For example, creating a shallow copy used to be:
Object temp_object = *input_object;
In the C++ context it was seen like the temp_object is
properly decoupled from the input object, while in the
reality is it not. Now this code becomes:
Object temp_object = blender::dna::shallow_copy(*input_object);
The copy and move constructor and assignment operators are
now explicitly disabled.
Other than a more explicit resource management this change
also solves a lot of warnings generated by the implicitly
defined copy constructors w.r.t dealing with deprecated fields.

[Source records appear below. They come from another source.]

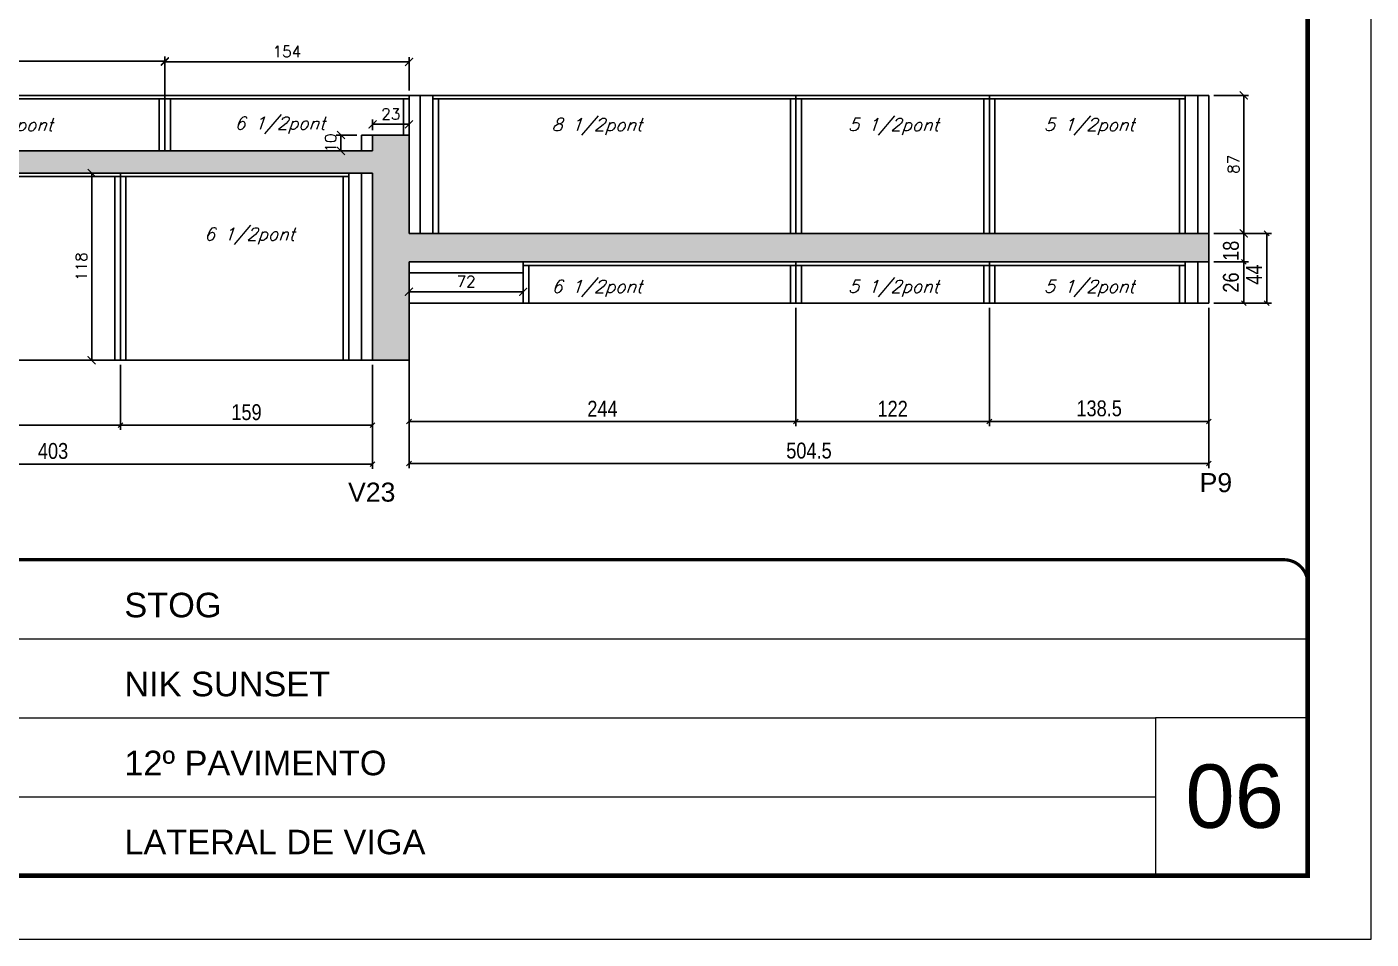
# Model space of a CAD drawing. Extents: x -10448 to -1189, y -11772 to 17235.
# Drawn here: x -8213 to -7365, y 14646 to 15221 of the extents above; entities that cross this region are included whole.
import ezdxf

# ---------------------------------------------------------------- set-up
doc = ezdxf.new("R2010")
doc.units = 0
doc.linetypes.add('CONTINUO', pattern=[0])
doc.linetypes.add('DASHED', pattern=[0.75, 0.5, -0.25])
for name, color, linetype in [('5', 5, 'Continuous'), ('COTA', 241, 'Continuous'), ('Painéis', 200, 'Continuous'), ('SARR_2.2x7', 40, 'Continuous'), ('SARR_3.5x7', 81, 'Continuous'), ('texto', 7, 'Continuous')]:
    doc.layers.add(name, color=color, linetype=linetype)
for name, color, linetype, lineweight in [('CARIMBO', 255, 'Continuous', 9), ('Folhas', 255, 'Continuous', 9), ('SARRAFO DE PRESSAO', 251, 'DASHED', 9)]:
    doc.layers.add(name, color=color, linetype=linetype, lineweight=lineweight)
doc.styles.add('ARIAL', font='arial.ttf')
doc.styles.add('COTA TECNICA', font='techl___.ttf', dxfattribs={"height": 10})
doc.styles.add('Romans', font='romans.shx')
doc.styles.get("Standard").update_dxf_attribs({"font": 'arial.ttf'})
doc.dimstyles.new('Cota Paínel', dxfattribs={"dimtxt": 7, "dimasz": 5, "dimexe": 3, "dimexo": 3, "dimgap": 3, "dimtad": 1, "dimdec": 1, "dimzin": 12, "dimdsep": 46, "dimtxsty": 'Romans', "dimblk": 'ARCHTICK', "dimcen": 0, "dimclrd": 4, "dimclre": 4, "dimclrt": 1, "dimadec": 1, "dimazin": 3, "dimtfac": 1, "dimtdec": 1, "dimtmove": 0, "dimatfit": 3, "dimldrblk": 'OBLIQUE', "dimfxl": 1, "dimtolj": 1, "dimtzin": 12, "dimarcsym": 0})
doc.dimstyles.new('PAINEL', dxfattribs={"dimtxt": 10, "dimasz": 3, "dimexe": 3, "dimexo": 3, "dimgap": 3, "dimtad": 1, "dimdec": 1, "dimzin": 12, "dimdsep": 46, "dimtxsty": 'COTA TECNICA', "dimblk1": 'OBLIQUE', "dimblk2": 'OBLIQUE', "dimsah": 1, "dimcen": 0.9, "dimclrd": 4, "dimclre": 4, "dimclrt": 240, "dimadec": 1, "dimazin": 3, "dimtfac": 1, "dimtdec": 1, "dimtmove": 0, "dimatfit": 3, "dimfxl": 1, "dimtolj": 1, "dimtzin": 12, "dimarcsym": 0})

# ---------------------------------------------------------------- blocks, each defined once
blk = doc.blocks.new('9999999999')
at = {"color": 30, "linetype": 'CONTINUO'}
for p, q in [((98564.56, 34379.64), (99583.98, 34379.64)), ((98564.56, 34329.83), (99487.98, 34329.83)), ((99583.98, 34329.83), (99487.98, 34329.83)), ((99487.98, 34329.83), (99487.98, 34230.21)), ((98564.56, 34280.02), (99487.98, 34280.02))]:
    blk.add_line(p, q, dxfattribs=at)
at = {"color": 30, "linetype": 'CONTINUO', "const_width": 2}
blk.add_lwpolyline([(99583.98, 34230.21), (99583.98, 34414.45, 0.414214), (99568.98, 34429.45), (98228.98, 34429.45, 0.414214), (98213.98, 34414.45), (98213.98, 34245.21, 0.414214), (98228.98, 34230.21), (99583.98, 34230.21)], format="xyb", dxfattribs=at)
at = {"layer": 'Folhas'}
blk.add_lwpolyline([(98138.98, 34190.21), (99623.98, 34190.21), (99623.98, 35240.21), (98138.98, 35240.21)], close=True, dxfattribs=at)
at = {"layer": 'Folhas', "color": 30, "const_width": 3}
blk.add_lwpolyline([(98213.98, 34230.21), (99583.98, 34230.21), (99583.98, 35200.21), (98213.98, 35200.21)], close=True, dxfattribs=at)
at = {"color": 7, "linetype": 'Continuous', "ltscale": 5, "style": 'ARIAL'}
for s, height, p in [('STOG', 15.483, (98837.68, 34393.13)), ('NIK SUNSET', 15.483, (98837.68, 34343.32)), ('12º PAVIMENTO', 15.4829, (98837.68, 34293.51)), ('LATERAL DE VIGA', 15.4829, (98837.68, 34243.7))]:
    blk.add_text(s, height=height, dxfattribs=at).set_placement(p)
blk = doc.blocks.new('_Oblique')
at = {"color": 0, "linetype": 'ByBlock', "lineweight": -2}
blk.add_line((-0.5, -0.5), (0.5, 0.5), dxfattribs=at)
blk = doc.blocks.new('*D32')
at = {"layer": 'COTA', "color": 4, "linetype": 'ByBlock', "lineweight": -2, "transparency": 16777216}
for p, q in [((-8397.56, 15007.69), (-8397.56, 14966.73)), ((-8153.56, 15007.69), (-8153.56, 14966.73)), ((-8397.56, 14969.73), (-8153.56, 14969.73))]:
    blk.add_line(p, q, dxfattribs=at)
at = {"layer": 'Defpoints', "color": 0, "linetype": 'ByBlock', "transparency": 16777216}
for p in [(-8397.56, 15010.69), (-8153.56, 15010.69), (-8153.56, 14969.73)]:
    blk.add_point(p, dxfattribs=at)
at = {"layer": 'COTA', "color": 4, "linetype": 'ByBlock', "lineweight": -2, "transparency": 16777216, "xscale": 3, "yscale": 3, "zscale": 3, "rotation": 180}
blk.add_blockref('_Oblique', (-8397.56, 14969.73), dxfattribs=at)
at = {"layer": 'COTA', "color": 4, "linetype": 'ByBlock', "lineweight": -2, "transparency": 16777216, "xscale": 3, "yscale": 3, "zscale": 3}
blk.add_blockref('_Oblique', (-8153.56, 14969.73), dxfattribs=at)
at = {"layer": 'COTA', "color": 240, "linetype": 'ByBlock', "transparency": 16777216, "insert": (-8275.56, 14977.8), "char_height": 10, "attachment_point": 5, "style": 'COTA TECNICA'}
blk.add_mtext('\\A1;244', dxfattribs=at)
blk = doc.blocks.new('*D33')
at = {"layer": 'COTA', "color": 4, "linetype": 'ByBlock', "lineweight": -2, "transparency": 16777216}
for p, q in [((-8153.56, 15007.69), (-8153.56, 14966.73)), ((-7994.56, 15007.69), (-7994.56, 14966.73)), ((-8153.56, 14969.73), (-7994.56, 14969.73))]:
    blk.add_line(p, q, dxfattribs=at)
at = {"layer": 'Defpoints', "color": 0, "linetype": 'ByBlock', "transparency": 16777216}
for p in [(-8153.56, 15010.69), (-7994.56, 15010.69), (-7994.56, 14969.73)]:
    blk.add_point(p, dxfattribs=at)
at = {"layer": 'COTA', "color": 4, "linetype": 'ByBlock', "lineweight": -2, "transparency": 16777216, "xscale": 3, "yscale": 3, "zscale": 3, "rotation": 180}
blk.add_blockref('_Oblique', (-8153.56, 14969.73), dxfattribs=at)
at = {"layer": 'COTA', "color": 4, "linetype": 'ByBlock', "lineweight": -2, "transparency": 16777216, "xscale": 3, "yscale": 3, "zscale": 3}
blk.add_blockref('_Oblique', (-7994.56, 14969.73), dxfattribs=at)
at = {"layer": 'COTA', "color": 240, "linetype": 'ByBlock', "transparency": 16777216, "insert": (-8074.06, 14977.87), "char_height": 10, "attachment_point": 5, "style": 'COTA TECNICA'}
blk.add_mtext('\\A1;159', dxfattribs=at)
blk = doc.blocks.new('*D34')
at = {"layer": 'COTA', "color": 4, "linetype": 'ByBlock', "lineweight": -2, "transparency": 16777216}
for p, q in [((-8397.56, 15007.69), (-8397.56, 14942.19)), ((-7994.56, 15007.69), (-7994.56, 14942.19)), ((-8397.56, 14945.19), (-7994.56, 14945.19))]:
    blk.add_line(p, q, dxfattribs=at)
at = {"layer": 'Defpoints', "color": 0, "linetype": 'ByBlock', "transparency": 16777216}
for p in [(-8397.56, 15010.69), (-7994.56, 15010.69), (-7994.56, 14945.19)]:
    blk.add_point(p, dxfattribs=at)
at = {"layer": 'COTA', "color": 4, "linetype": 'ByBlock', "lineweight": -2, "transparency": 16777216, "xscale": 3, "yscale": 3, "zscale": 3, "rotation": 180}
blk.add_blockref('_Oblique', (-8397.56, 14945.19), dxfattribs=at)
at = {"layer": 'COTA', "color": 4, "linetype": 'ByBlock', "lineweight": -2, "transparency": 16777216, "xscale": 3, "yscale": 3, "zscale": 3}
blk.add_blockref('_Oblique', (-7994.56, 14945.19), dxfattribs=at)
at = {"layer": 'COTA', "color": 240, "linetype": 'ByBlock', "transparency": 16777216, "insert": (-8196.06, 14953.41), "char_height": 10, "attachment_point": 5, "style": 'COTA TECNICA'}
blk.add_mtext('\\A1;403', dxfattribs=at)
blk = doc.blocks.new('*D35')
at = {"layer": 'COTA', "color": 4, "linetype": 'ByBlock', "lineweight": -2, "transparency": 16777216}
for p, q in [((-7464.06, 15072.69), (-7442.06, 15072.69)), ((-7445.06, 15046.69), (-7445.06, 15072.69)), ((-7464.06, 15046.69), (-7442.06, 15046.69))]:
    blk.add_line(p, q, dxfattribs=at)
at = {"layer": 'Defpoints', "color": 0, "linetype": 'ByBlock', "transparency": 16777216}
for p in [(-7467.06, 15072.69), (-7445.06, 15072.69), (-7467.06, 15046.69)]:
    blk.add_point(p, dxfattribs=at)
at = {"layer": 'COTA', "color": 4, "linetype": 'ByBlock', "lineweight": -2, "transparency": 16777216, "xscale": 3, "yscale": 3, "zscale": 3}
for p, rotation in [((-7445.06, 15072.69), 90), ((-7445.06, 15046.69), 270)]:
    blk.add_blockref('_Oblique', p, dxfattribs=dict(at, rotation=rotation))
at = {"layer": 'COTA', "color": 240, "linetype": 'ByBlock', "transparency": 16777216, "insert": (-7453.16, 15059.69), "char_height": 10, "attachment_point": 5, "rotation": 90, "style": 'COTA TECNICA'}
blk.add_mtext('\\A1;26', dxfattribs=at)
blk = doc.blocks.new('*D36')
at = {"layer": 'COTA', "color": 4, "linetype": 'ByBlock', "lineweight": -2, "transparency": 16777216}
for p, q in [((-7464.06, 15090.69), (-7442.06, 15090.69)), ((-7445.06, 15072.69), (-7445.06, 15090.69)), ((-7464.06, 15072.69), (-7442.06, 15072.69))]:
    blk.add_line(p, q, dxfattribs=at)
at = {"layer": 'Defpoints', "color": 0, "linetype": 'ByBlock', "transparency": 16777216}
for p in [(-7467.06, 15090.69), (-7445.06, 15090.69), (-7467.06, 15072.69)]:
    blk.add_point(p, dxfattribs=at)
at = {"layer": 'COTA', "color": 4, "linetype": 'ByBlock', "lineweight": -2, "transparency": 16777216, "xscale": 3, "yscale": 3, "zscale": 3}
for p, rotation in [((-7445.06, 15090.69), 90), ((-7445.06, 15072.69), 270)]:
    blk.add_blockref('_Oblique', p, dxfattribs=dict(at, rotation=rotation))
at = {"layer": 'COTA', "color": 240, "linetype": 'ByBlock', "transparency": 16777216, "insert": (-7453.15, 15079.69), "char_height": 10, "attachment_point": 5, "rotation": 90, "style": 'COTA TECNICA'}
blk.add_mtext('\\A1;18', dxfattribs=at)
blk = doc.blocks.new('*D37')
at = {"layer": 'COTA', "color": 4, "linetype": 'ByBlock', "lineweight": -2, "transparency": 16777216}
for p, q in [((-7464.06, 15090.69), (-7427.63, 15090.69)), ((-7430.63, 15046.69), (-7430.63, 15090.69)), ((-7464.06, 15046.69), (-7427.63, 15046.69))]:
    blk.add_line(p, q, dxfattribs=at)
at = {"layer": 'Defpoints', "color": 0, "linetype": 'ByBlock', "transparency": 16777216}
for p in [(-7467.06, 15090.69), (-7430.63, 15090.69), (-7467.06, 15046.69)]:
    blk.add_point(p, dxfattribs=at)
at = {"layer": 'COTA', "color": 4, "linetype": 'ByBlock', "lineweight": -2, "transparency": 16777216, "xscale": 3, "yscale": 3, "zscale": 3}
for p, rotation in [((-7430.63, 15090.69), 90), ((-7430.63, 15046.69), 270)]:
    blk.add_blockref('_Oblique', p, dxfattribs=dict(at, rotation=rotation))
at = {"layer": 'COTA', "color": 240, "linetype": 'ByBlock', "transparency": 16777216, "insert": (-7438.7, 15064.69), "char_height": 10, "attachment_point": 5, "rotation": 90, "style": 'COTA TECNICA'}
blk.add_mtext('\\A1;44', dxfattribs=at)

These warnings were generated by Apple Clang when a shallow
object copy was created via implicitly defined copy constructor.
In order to enable C++ methods for DNA structures a newly added
macro `DNA_DEFINE_CXX_METHODS()` is to be used:
tpyedef struct Object {
DNA_DEFINE_CXX_METHODS(Object)
...
} Object;
For the shallow copy use `blender::dna::shallow_copy()`.
The implementation of the memcpy is hidden via an internal DNA
function to avoid pulling `string.h` into every DNA header.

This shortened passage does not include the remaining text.